We spent most of the day on Saturday exploring the ancient Roman ruins. I had no idea so many parts and pieces of the really ancient buildings still existed. It seems the key to survival was repurposing. If a building found a new life as a church, it was preserved. If not, it was allowed to fall down and something else was built on top. The Pantheon is a perfect example of this.
Another way an ancient building could be “saved” was to be buried over time. Many of the buildings we saw were completely covered in the 1800s and have only been excavated since then. It’s really amazing what they’ve found and continue to find everyday.
As is usually the case, pictures tell the story best. Enjoy!
Of course, we have to start with the Colosseum, which is a nickname for a building really known as Flavian Amphitheater. It’s undergoing some renovation so most of the outside is covered in scaffolding. Mostly what they’re doing is cleaning the marble so it is mostly white once again. The portion you see here has already been cleaned.
Inside the Colosseum. The giant oval would have been covered by a wooden floor and that would have been covered by sand. Sand in Italian is “arena” and that’s where the word we use comes from. Of course, sand is great at absorbing excess amounts of blood. The structures in the middle would have been below ground and there are about 100 lifts that ended in trap doors. They allowed the ancients to put 100 animals into the arena at the same time. FYI: our tour guide said there were many factual errors in the movie Gladiator, but the reconstruction of the Colosseum was exactly right.
Here we are! May I just say this was an incredibly hot and humid day? Still no curling iron!
This is the view from the Colosseum. We were allowed as far up as the second level. They are slowly beginning to open the third level and the underground tunnels to tours, but the next available English tour wasn’t until November. If you’re planning a trip, book that tour early! It’s really, really popular.
I’ll be honest, I’ve forgotten whose house this was. We saw so many; but it was one of the emperors. Probably Domitian.
More of Domitian’s house. This was the private area, with the beautiful gardens and courtyard. It also had a bath that was beautifully shaped and tiled.
The view of the area around the forums (yes, there are several forums) from Domitian’s house. The building on the right with the giant arches was a basilica — a place for trade and commerce. When the Christians were designing their first churches, they were uncomfortable mimicking the pagan temples, so they were molded after civic buildings. That’s why many early churches have lots of arches, naves, and side alters.
This was the arch Hadrian built to honor the sacking of Jerusalem in about 70 A.D. the frieze on the inside (not shown) shows the Roman soldiers carrying off the booty from the Jewish Temple. It is said that the jews who lived in Rome during the time this arch was in use refused to pass under it and would always go around.

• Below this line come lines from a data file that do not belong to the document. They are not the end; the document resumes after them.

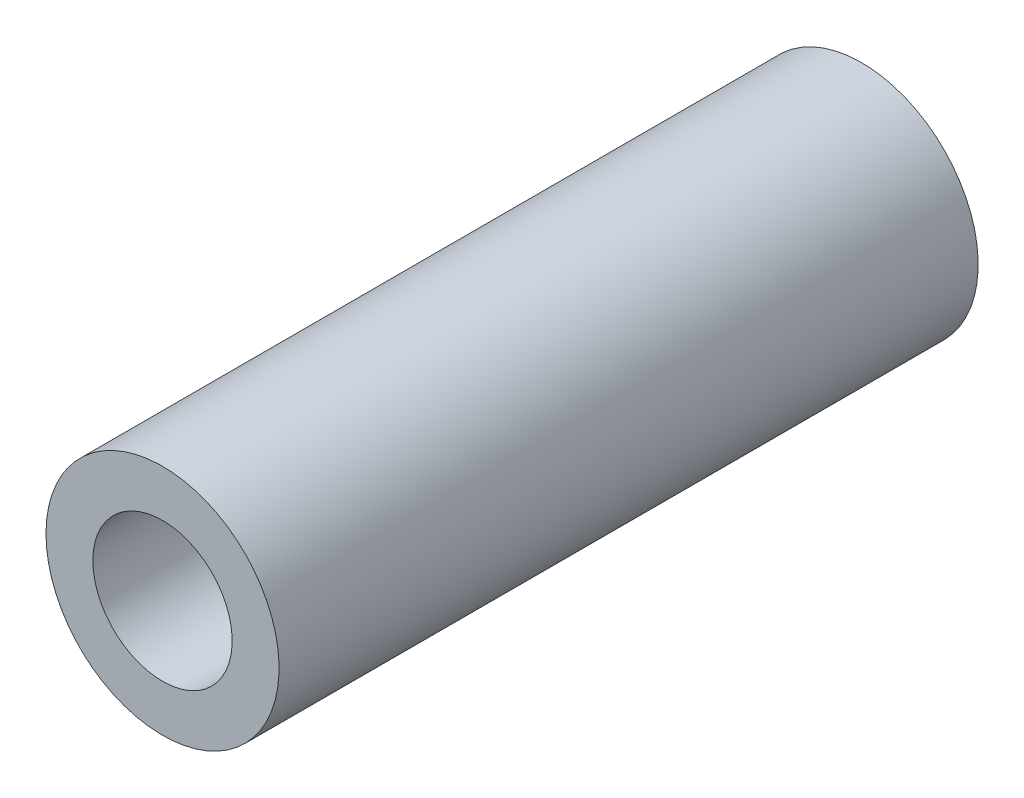
from build123d import *

# Parameters (mm, degrees)
SKETCH1_R           = 3.175
SKETCH1_R_2         = 1.89865
BOSS_EXTRUDE1_DEPTH = 19.05


with BuildPart() as part:
    # Sketch1 → Boss-Extrude1 (new body)
    with BuildSketch(Plane.XY):
        with Locations(Location((0, 0, 0), (0, 0, 180))):
            Circle(SKETCH1_R)
        with Locations(Location((0, 0, 0), (0, 0, 180))):
            Circle(SKETCH1_R_2, mode=Mode.SUBTRACT)
    extrude(amount=BOSS_EXTRUDE1_DEPTH)


solid = part.part

This is a temple of Romulus. It’s not THAT Romulus, however, but that is why it was probably preserved. It’s actually in honor of a 7 year old boy, the son of an emperor, who was deified upon his death. Even the bronze doors were saved during a time when anything bronze (including the Collosus and every other ancient bronze statue) were melted down to make cannons.
This was fascinating to me because I didn’t realize any evidence still existed. This is the courtyard of the home used by the Vestal Virgins. Just behind where I’m standing when I took this picture are a couple columns in a partial circle that would have been where the fire of the Vestal Virgins was kept burning 24/7. Girls were brought here by their families between the ages of 7 and 10 and left here to serve as Vestal Virgins for a period of 30 years. After that, they were free to leave, but most didn’t. They were old women by then, given the life expectancy at the time. FYI: if a Vestal Virgin might happen to have lost her virginity at any time during her service, she was buried alive, no questions asked.
One thought on “Ancient Roman Ruins”
You must really get a sense of history there. It’s amazing all of that was built thousands of years ago, without machinery.